Supplied material:
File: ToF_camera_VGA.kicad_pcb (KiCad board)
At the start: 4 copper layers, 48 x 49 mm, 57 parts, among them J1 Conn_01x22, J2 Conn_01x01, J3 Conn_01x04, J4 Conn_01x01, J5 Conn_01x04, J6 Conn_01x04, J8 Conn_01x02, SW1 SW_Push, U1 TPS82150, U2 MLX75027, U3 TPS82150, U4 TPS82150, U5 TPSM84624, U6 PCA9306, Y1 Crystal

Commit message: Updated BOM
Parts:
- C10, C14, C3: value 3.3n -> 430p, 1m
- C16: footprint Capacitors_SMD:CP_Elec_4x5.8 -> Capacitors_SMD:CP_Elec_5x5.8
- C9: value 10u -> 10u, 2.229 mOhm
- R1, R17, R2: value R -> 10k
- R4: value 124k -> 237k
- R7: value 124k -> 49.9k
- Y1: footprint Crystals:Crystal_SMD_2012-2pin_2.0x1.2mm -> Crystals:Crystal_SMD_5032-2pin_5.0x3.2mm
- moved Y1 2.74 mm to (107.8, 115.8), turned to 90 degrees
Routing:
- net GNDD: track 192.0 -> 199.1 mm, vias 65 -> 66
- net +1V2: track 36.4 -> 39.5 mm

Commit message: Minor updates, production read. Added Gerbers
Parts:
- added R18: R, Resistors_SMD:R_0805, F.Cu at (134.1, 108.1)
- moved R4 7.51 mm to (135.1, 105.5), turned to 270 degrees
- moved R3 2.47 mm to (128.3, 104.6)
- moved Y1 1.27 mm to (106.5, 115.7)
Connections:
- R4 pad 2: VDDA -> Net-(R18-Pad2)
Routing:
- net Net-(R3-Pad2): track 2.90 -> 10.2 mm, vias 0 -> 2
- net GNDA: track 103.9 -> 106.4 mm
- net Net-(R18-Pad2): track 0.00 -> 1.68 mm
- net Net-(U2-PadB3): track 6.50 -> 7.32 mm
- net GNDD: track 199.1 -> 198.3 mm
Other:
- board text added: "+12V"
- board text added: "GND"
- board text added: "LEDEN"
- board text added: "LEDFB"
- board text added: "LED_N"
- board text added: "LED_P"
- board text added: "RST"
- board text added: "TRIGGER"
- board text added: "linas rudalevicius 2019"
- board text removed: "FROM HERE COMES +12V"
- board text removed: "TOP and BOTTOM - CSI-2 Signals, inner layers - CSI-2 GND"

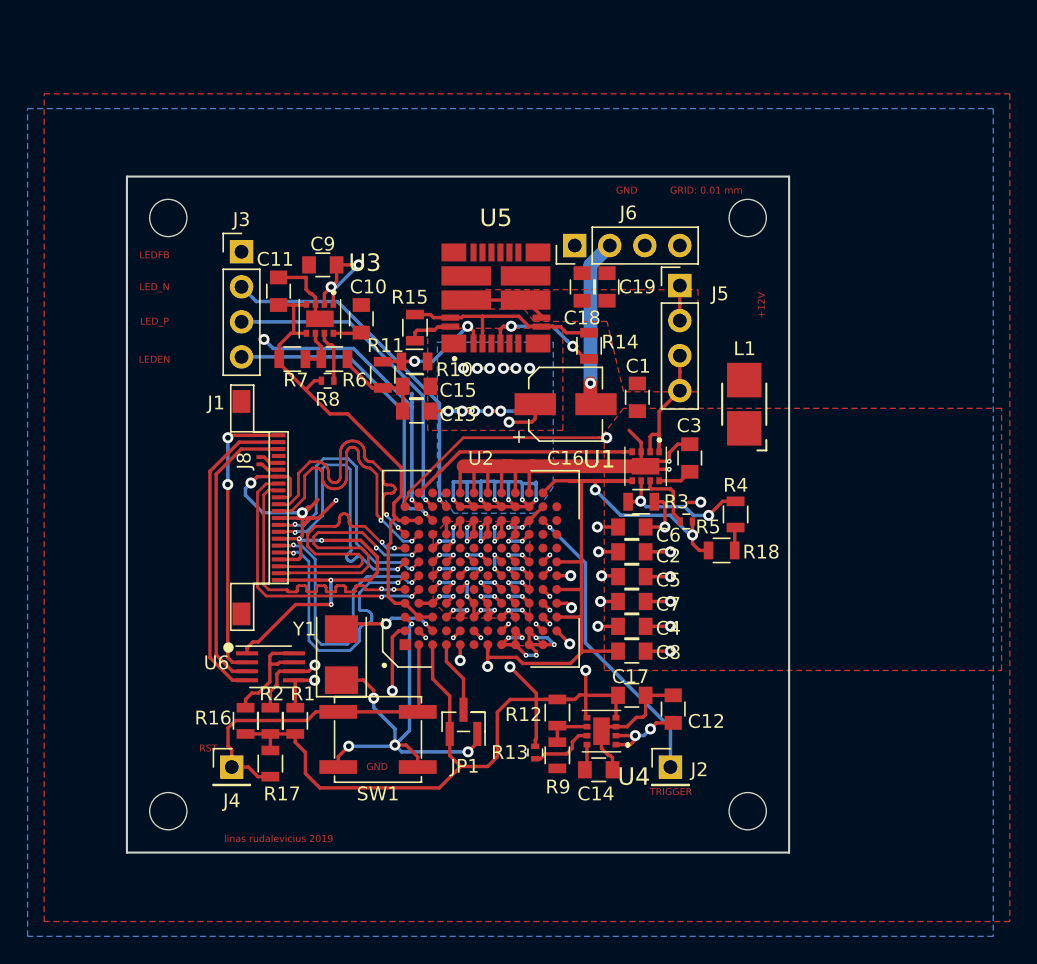
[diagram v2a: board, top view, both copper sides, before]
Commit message: Version 2 with fixed following issues: 1. clock source added 2. Flat cable connector should be ok 3. I2C level shifter should be ok 4. Power tree simplified, 12 V needed only for VDDMIX, others are generated from 3.3 V on flat cable
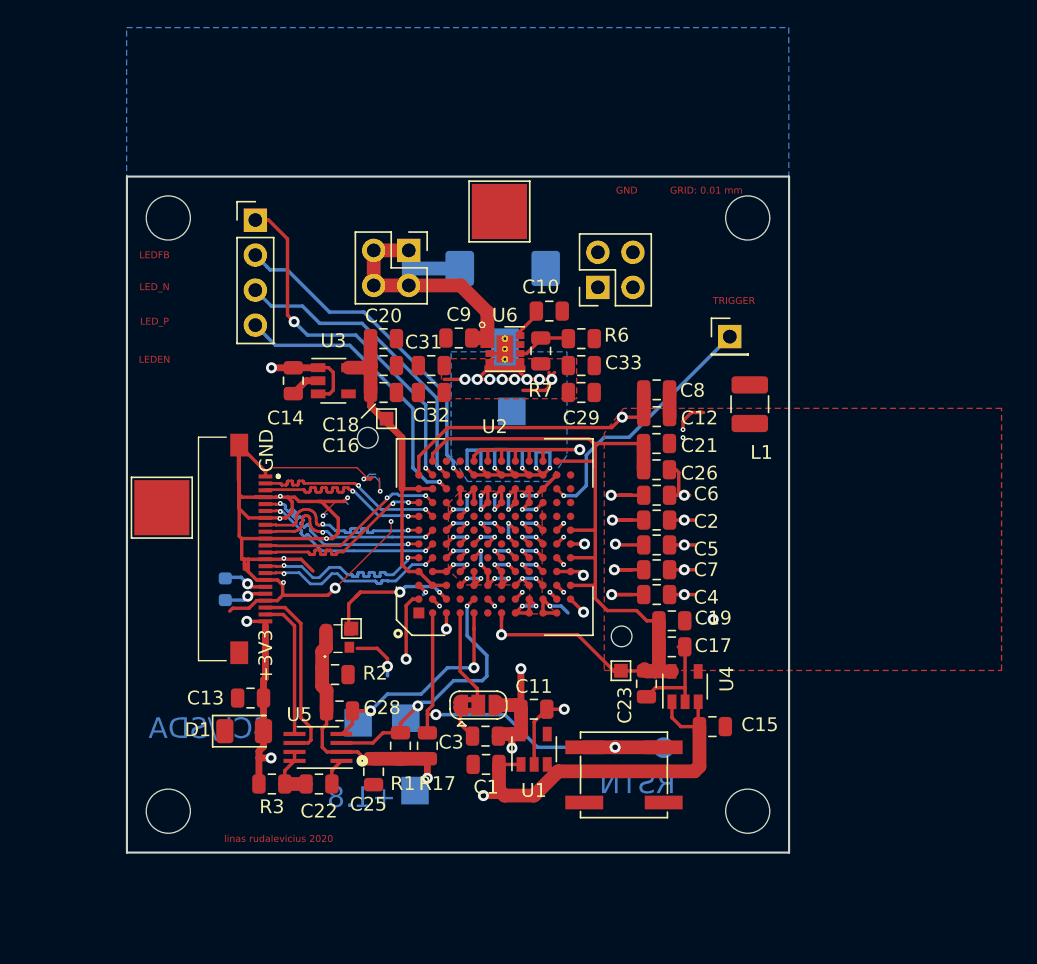
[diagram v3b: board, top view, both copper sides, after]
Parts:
- removed J8: Conn_01x02, Resistors_SMD:R_0201_NoSilk
- removed JP1: SolderJumper_3_Open, Pin_Headers:Pin_Header_Straight_1x03_Pitch1.00mm_SMD_Pin1Right
- removed R10, R11: 10k, Resistors_SMD:R_0805
- removed R12: 124k, Resistors_SMD:R_0805
- removed R13, R5, R8: 100k, Resistors_SMD:R_0402
- removed R14: 4.12k, Resistors_SMD:R_0805
- removed R15: 110k, Resistors_SMD:R_0805
- removed R16: 200k, Resistors_SMD:R_0805
- removed R18: R, Resistors_SMD:R_0805
- removed R4: 237k, Resistors_SMD:R_0805
- removed R9: 100k, Resistors_SMD:R_0805
- added C20: 100n, Capacitor_SMD:C_0805_2012Metric, F.Cu at (109.6, 92.8)
- added C21: 10u, Capacitor_SMD:C_0805_2012Metric, F.Cu at (129.4, 100.3)
- added C22: 100n, Capacitor_SMD:C_0805_2012Metric, F.Cu at (104.9, 125.0)
- added C23: 100n, Capacitor_SMD:C_0805_2012Metric, F.Cu at (128.7, 117.8)
- added C25: 100n, Capacitor_SMD:C_0805_2012Metric, F.Cu at (108.9, 124.1)
- added C26: 100n, Capacitor_SMD:C_0805_2012Metric, F.Cu at (129.4, 102.2)
- added C28: 1u, Capacitor_SMD:C_0805_2012Metric, F.Cu at (106.1, 117.1)
- added C29: 10u, Capacitor_SMD:C_0805_2012Metric, F.Cu at (123.9, 96.7)
- added C31: 10u, Capacitor_SMD:C_0805_2012Metric, F.Cu at (113.1, 94.7)
- added C32: 100n, Capacitor_SMD:C_0805_2012Metric, F.Cu at (113.1, 96.7)
- added C33: 100n, Capacitor_SMD:C_0805_2012Metric, F.Cu at (123.9, 94.7)
- added CP27: 68u, Capacitor_Tantalum_SMD:CP_EIA-7343-30_AVX-N, B.Cu at (118.2, 87.7)
- added D1: LED, LED_SMD:LED_1206_3216Metric, F.Cu at (99.5, 121.2)
- added H1: MountingHole, myFootprints:MountingHole_1.5mm, F.Cu at (108.5, 99.9)
- added H2: MountingHole, myFootprints:MountingHole_1.5mm, F.Cu at (126.9, 114.3)
- added J10: Conn_01x01, TestPoint:TestPoint_Pad_2.0x2.0mm, B.Cu at (111.9, 125.5)
- added J11: Conn_01x01, TestPoint:TestPoint_Pad_1.0x1.0mm, F.Cu at (109.8, 98.5)
- added J12: Conn_01x01, TestPoint:TestPoint_Pad_2.0x2.0mm, B.Cu at (111.2, 120.3)
- added J13: Conn_01x01, TestPoint:TestPoint_Pad_1.0x1.0mm, F.Cu at (126.8, 116.8)
- added J14: Conn_01x01, TestPoint:TestPoint_Pad_2.0x2.0mm, B.Cu at (107.8, 120.6)
- added J15: Conn_01x01, TestPoint:TestPoint_Pad_1.0x1.0mm, F.Cu at (107.3, 113.8)
- added J16: Conn_01x01, TestPoint:TestPoint_Pad_2.0x2.0mm, B.Cu at (118.9, 98.0)
- added J17: Conn_01x01, TestPoint:TestPoint_Pad_4.0x4.0mm, F.Cu at (118.0, 83.5)
- added J18: Conn_01x01, TestPoint:TestPoint_Pad_4.0x4.0mm, F.Cu at (93.5, 105.0)
- added J7: Conn_01x02, Resistor_SMD:R_0603_1608Metric, B.Cu at (98.1, 110.9)
- added J9: Conn_01x03, Jumper:SolderJumper-3_P1.3mm_Bridged2Bar12_RoundedPad1.0x1.5mm, F.Cu at (116.5, 119.3)
- C1: value 10u -> 1u; footprint Capacitors_SMD:C_0805 -> Capacitor_SMD:C_0805_2012Metric
- C10: value 430p, 1m -> 430p; footprint Capacitors_SMD:C_0805 -> Capacitor_SMD:C_0805_2012Metric
- C11: value 22u -> 100n; footprint Capacitors_SMD:C_0805 -> Capacitor_SMD:C_0805_2012Metric
- C12: value 10u -> 100n; footprint Capacitors_SMD:C_0805 -> Capacitor_SMD:C_0805_2012Metric
- C13: value 100u -> 10u; footprint Capacitors_SMD:C_0805 -> Capacitor_SMD:C_0805_2012Metric
- C14, C3: value 430p, 1m -> 1u; footprint Capacitors_SMD:C_0805 -> Capacitor_SMD:C_0805_2012Metric
- C15: value 100u -> 1u; footprint Capacitors_SMD:C_0805 -> Capacitor_SMD:C_0805_2012Metric
- C16: value 220u -> 1u; footprint Capacitors_SMD:CP_Elec_5x5.8 -> Capacitor_SMD:C_0805_2012Metric
- C17: value 22u -> 1u; footprint Capacitors_SMD:C_0805 -> Capacitor_SMD:C_0805_2012Metric
- C18, C19, C2, C4, C5, C6, C7: footprint Capacitors_SMD:C_0805 -> Capacitor_SMD:C_0805_2012Metric
- C8: value 22u -> 10u; footprint Capacitors_SMD:C_0805 -> Capacitor_SMD:C_0805_2012Metric
- C9: value 10u, 2.229 mOhm -> 10u; footprint Capacitors_SMD:C_0805 -> Capacitor_SMD:C_0805_2012Metric
- J1: value Conn_01x22 -> 54548-2271_connector_RPi_zero; footprint myFootprints:FPC_22 -> myFootprints:545482271_RPi_Zero_connector
- J2: footprint Pin_Headers:Pin_Header_Straight_1x01_Pitch2.54mm -> Connector_PinHeader_2.54mm:PinHeader_1x01_P2.54mm_Vertical
- J3: footprint Pin_Headers:Pin_Header_Straight_1x04_Pitch2.54mm -> Connector_PinHeader_2.54mm:PinHeader_1x04_P2.54mm_Vertical
- J4: footprint Pin_Headers:Pin_Header_Straight_1x01_Pitch2.54mm -> TestPoint:TestPoint_Pad_D1.5mm; moved to B.Cu
- J5, J6: footprint Pin_Headers:Pin_Header_Straight_1x04_Pitch2.54mm -> Connector_PinHeader_2.54mm:PinHeader_2x02_P2.54mm_Vertical
- L1: footprint Inductors:Inductor_1212 -> Inductor_SMD:L_1210_3225Metric
- MK1, MK2, MK3, MK4: footprint Mounting_Holes:MountingHole_2.7mm -> MountingHole:MountingHole_3.2mm_M3
- R1, R2: value 10k -> 1k5; footprint Resistors_SMD:R_0805 -> Resistor_SMD:R_0805_2012Metric
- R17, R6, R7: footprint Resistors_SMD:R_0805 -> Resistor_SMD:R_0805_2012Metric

What you have to do:
Take the entries above and return only the lines from the one with "- added C28: 1u, Capacitor_SMD:C_0805_2012Metric, F.Cu" to the one with "- added C32: 100n, Capacitor_SMD:C_0805_2012Metric, F.Cu", both included, unchanged.

Response for this exercise:
- added C28: 1u, Capacitor_SMD:C_0805_2012Metric, F.Cu at (106.1, 117.1)
- added C29: 10u, Capacitor_SMD:C_0805_2012Metric, F.Cu at (123.9, 96.7)
- added C31: 10u, Capacitor_SMD:C_0805_2012Metric, F.Cu at (113.1, 94.7)
- added C32: 100n, Capacitor_SMD:C_0805_2012Metric, F.Cu at (113.1, 96.7)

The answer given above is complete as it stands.